PLATE VIII.
INHIBITION AND REËNFORCEMENT
BY LOUIS A. TURLEY
Experiments made by Ranschburg[102] on the significance of similars in the process of learning and remembering determined that when duplicates occur within a series of stimuli, one either totally or very greatly inhibits the perception of the other according as they are contiguous or are separated by other stimuli. Dr. Yerkes,[103] in testing the effect of auditory on visual and tactual stimuli in frogs, found that if the auditory stimulus preceded another stimulus by various time-intervals, it had an alternating reënforcing and inhibitory effect. A similar result was obtained by Hofbauer[104] in a similar experiment on human subjects. The question now arises,—if the time-interval were increased between a stimulus and its duplicate in a series would the inhibitory effect gradually approach zero where all effect of the preceding stimulus ceased, to which Ranschburg's experiments point, or would the inhibitory effect be alternated with one of reënforcement as the experiments of Dr. Yerkes and Hofbauer would indicate? This problem—the effect of a stimulus on its duplicate in a succeeding series of stimuli—is the problem I undertook to solve. For this purpose, it was necessary to introduce exactly determinable time-intervals between the stimulus and its duplicate. Therefore I used—as Miss Kleinknecht[105] did for other purposes—a stroboscopic arrangement instead of simultaneous presentation which Ranschburg used.
My apparatus was Professor Münsterberg's Stereoscope without Prisms or Lenses, a description and photograph of which was published in the article by that title in Psychological Review, vol. 1; or rather, I used Professor Münsterberg's attachment to Kohl's centrifugal machine, since my apparatus was not identical, except in principle, with the "Stereoscope." The "attachment" consists of two black discs about thirty inches in diameter, mounted about eight inches apart on the disc-shaft of the centrifugal machine. The back disc is of wood. The outer three inches of its face is furnished with thirty-six equidistant strips of black tin, one end of each of which is bent so as to grip a groove in the rim of the disc, and the other end of each is gripped by tiny thumb-screws so that the strips lie along radii of the face of the disc. The front disc, slightly smaller than the back disc, is of pasteboard. Between the two discs a stationary black screen with a short narrow slit was placed so that the slit revealed only the strip on the horizontal radius of the back disc. Behind this screen an eight-candle-power electric light was placed to illuminate the back disc,—as the experiment was carried on in a darkened room. By moving this light I was enabled to vary the intensity of illumination to offset the skill of the observer.
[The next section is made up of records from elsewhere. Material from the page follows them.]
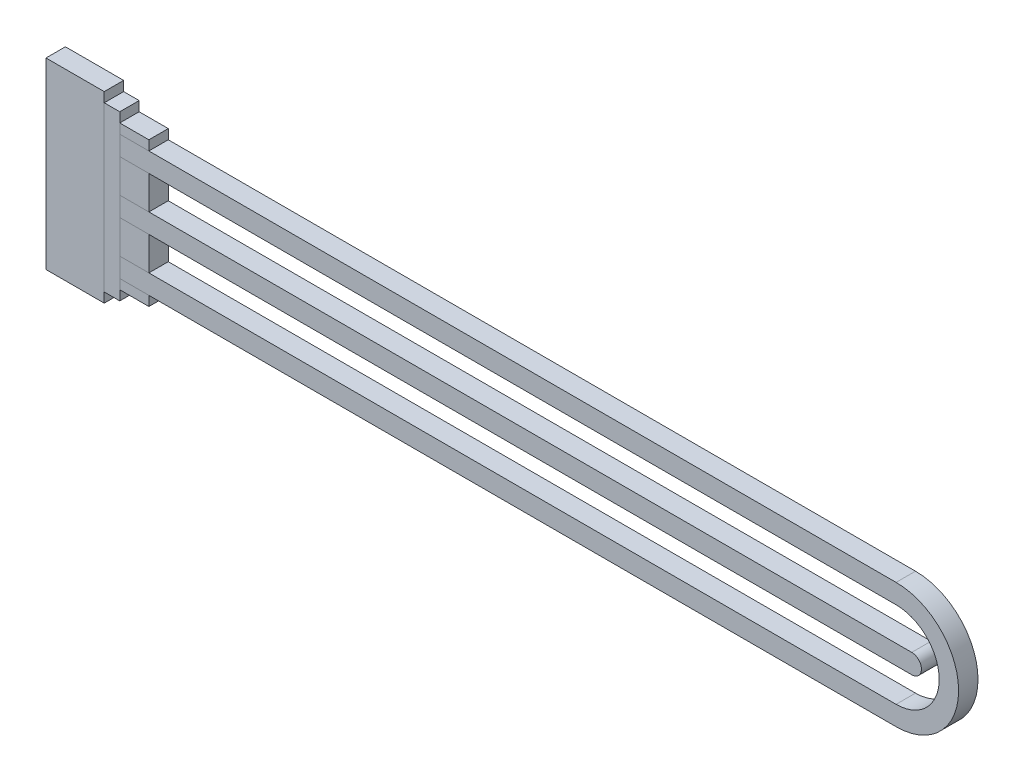
SolidWorks part; units mm, degrees
ref_plane "Alzado" through (0, 0, 0) normal (0, 0, 1) x (1, 0, 0)
ref_plane "Planta" through (0, 0, 0) normal (0, 1, 0) x (1, 0, 0)
ref_plane "Vista lateral" through (0, 0, 0) normal (1, 0, 0) x (0, 0, -1)
sketch "Sketch1" plane through (0, 0, 0) normal (0, 0, 1) x (1, 0, 0)
  line L0 (0, 0) -> (400, 0)
  line L1 (400, -64.4097) -> (0, -64.4097)
  line L2 (0, -10) -> (400, -10)
  line L3 (400, -54.4097) -> (0, -54.4097)
  line L4 (0, -10) -> (0, 0)
  line L5 (0, -54.4097) -> (0, -64.4097)
  line L6 (432.2048, -32.2048) -> (0, -32.2048) construction
  line L7 (0, -27.2048) -> (408.0642, -27.2048)
  line L8 (0, -27.2048) -> (0, -37.2048)
  line L9 (0, -37.2048) -> (408.0642, -37.2048)
  arc A0 (400, 0) -> (400, -64.4097) centre (400, -32.2048) cw
  arc A1 (400, -10) -> (400, -54.4097) centre (400, -32.2048) cw
  arc A4 (408.0642, -27.2048) -> (408.0642, -37.2048) centre (408.0642, -32.2048) cw
  dimension "D1" = 32.2048
  dimension "D3" = 10
  dimension "D2" = 400
  dimension "D4" = 5
extrude "Boss-Extrude1" add sketch "Sketch1" along normal blind 10
sketch "Sketch2" plane through (0, 0, 0) normal (-1, 0, 0) x (0, 0, 1)
  line L0 (5, 0) -> (5, -10) construction
  line L1 (10, 0) -> (0, 0) construction
  line L2 (10, -10) -> (0, -10) construction
  circle A0 centre (5, -4.907) radius 3
  dimension "D1" = 6
extrude "Boss-Extrude2" add sketch "Sketch2" along normal blind 15 separate body
sketch "Sketch3" plane through (0, 0, 0) normal (-1, 0, 0) x (0, 0, 1)
  line L0 (5, -54.4097) -> (5, -64.4097) construction
  line L1 (10, -54.4097) -> (0, -54.4097) construction
  line L2 (10, -64.4097) -> (0, -64.4097) construction
  circle A0 centre (5, -59.4097) radius 3
  dimension "D1" = 6
extrude "Boss-Extrude3" add sketch "Sketch3" along normal blind 15 separate body
sketch "Sketch4" plane through (0, 0, 0) normal (1, 0, 0) x (0, 0, -1)
  line L0 (-5, 0) -> (-5, -64.4097) construction
  line L1 (-10, 0) -> (0, 0) construction
  line L2 (-10, -64.4097) -> (0, -64.4097) construction
  line L3 (-10, -54.4097) -> (-10, -64.4097) construction
  line L4 (0, 5) -> (-10, 5)
  line L5 (0, 5) -> (0, -69.4097)
  line L6 (0, -69.4097) -> (-10, -69.4097)
  line L7 (-10, 5) -> (-10, -69.4097)
  line L8 (0, 5) -> (-10, -69.4097) construction
  line L9 (0, -69.4097) -> (-10, 5) construction
  line L10 (0, -32.2048) -> (-10, -32.2048) construction
  point P6 (-5, -32.2048)
  point P13 (-10, -59.4097)
  dimension "D1" = 5
extrude "Boss-Extrude4" add sketch "Sketch4" along normal blind 15 separate body
sketch "Sketch5" plane through (0, 0, 0) normal (-1, 0, 0) x (0, 0, 1)
  line L0 (5, 5) -> (5, -69.4097) construction
  line L1 (0, 5) -> (10, 5) construction
  line L2 (10, -69.4097) -> (0, -69.4097) construction
  line L3 (0, -32.2048) -> (10, -32.2048) construction
  line L4 (0, 10) -> (10, 10)
  line L5 (0, 10) -> (0, -74.4097)
  line L6 (0, -74.4097) -> (10, -74.4097)
  line L7 (10, 10) -> (10, -74.4097)
  line L8 (0, 10) -> (10, -74.4097) construction
  line L9 (0, -74.4097) -> (10, 10) construction
  line L12 (0, -54.4097) -> (0, -64.4097) construction
  point P6 (5, -32.2048)
  dimension "D1" = 5
extrude "Boss-Extrude5" add sketch "Sketch5" along normal blind 8 separate body
sketch "Sketch6" plane through (-8, 0, 0) normal (-1, 0, 0) x (0, 0, 1)
  line L0 (5, 10) -> (5, -74.4097) construction
  line L1 (10, 10) -> (0, 10) construction
  line L2 (0, -74.4097) -> (10, -74.4097) construction
  line L3 (10, -74.4097) -> (10, 10) construction
  line L4 (0, 15) -> (10, 15)
  line L5 (0, 15) -> (0, -79.4097)
  line L6 (0, -79.4097) -> (10, -79.4097)
  line L7 (10, 15) -> (10, -79.4097)
  line L8 (0, 15) -> (10, -79.4097) construction
  line L9 (0, -79.4097) -> (10, 15) construction
  line L10 (0, -32.2048) -> (10, -32.2048) construction
  point P6 (5, -32.2048)
  dimension "D1" = 5
extrude "Boss-Extrude6" add sketch "Sketch6" along normal blind 30 separate body

For my purpose, a small white figure—one of the ten characters of the Arabic notation—was stuck on about the middle of each of the tin strips on the back disc; and radial slits, one millimetre wide and an inch long, were cut from one sixth of the circumference of the front disc so as to come opposite six of the strips on the back disc. Similar radial slits were cut at various intervals from the remaining five sixths of the circumference of the front disc. These were covered by small pieces of cardboard fastened to niagara clips, thus making them readily removeable. By this means any desired figure could be exposed in the same revolution with the series exposed by the six slits above mentioned.
The thirty-six strips were divided into six series of six each, indicated by chalk-marks on the disc. Each of the series was often changed in whole or in part by shifting and interchanging the strips.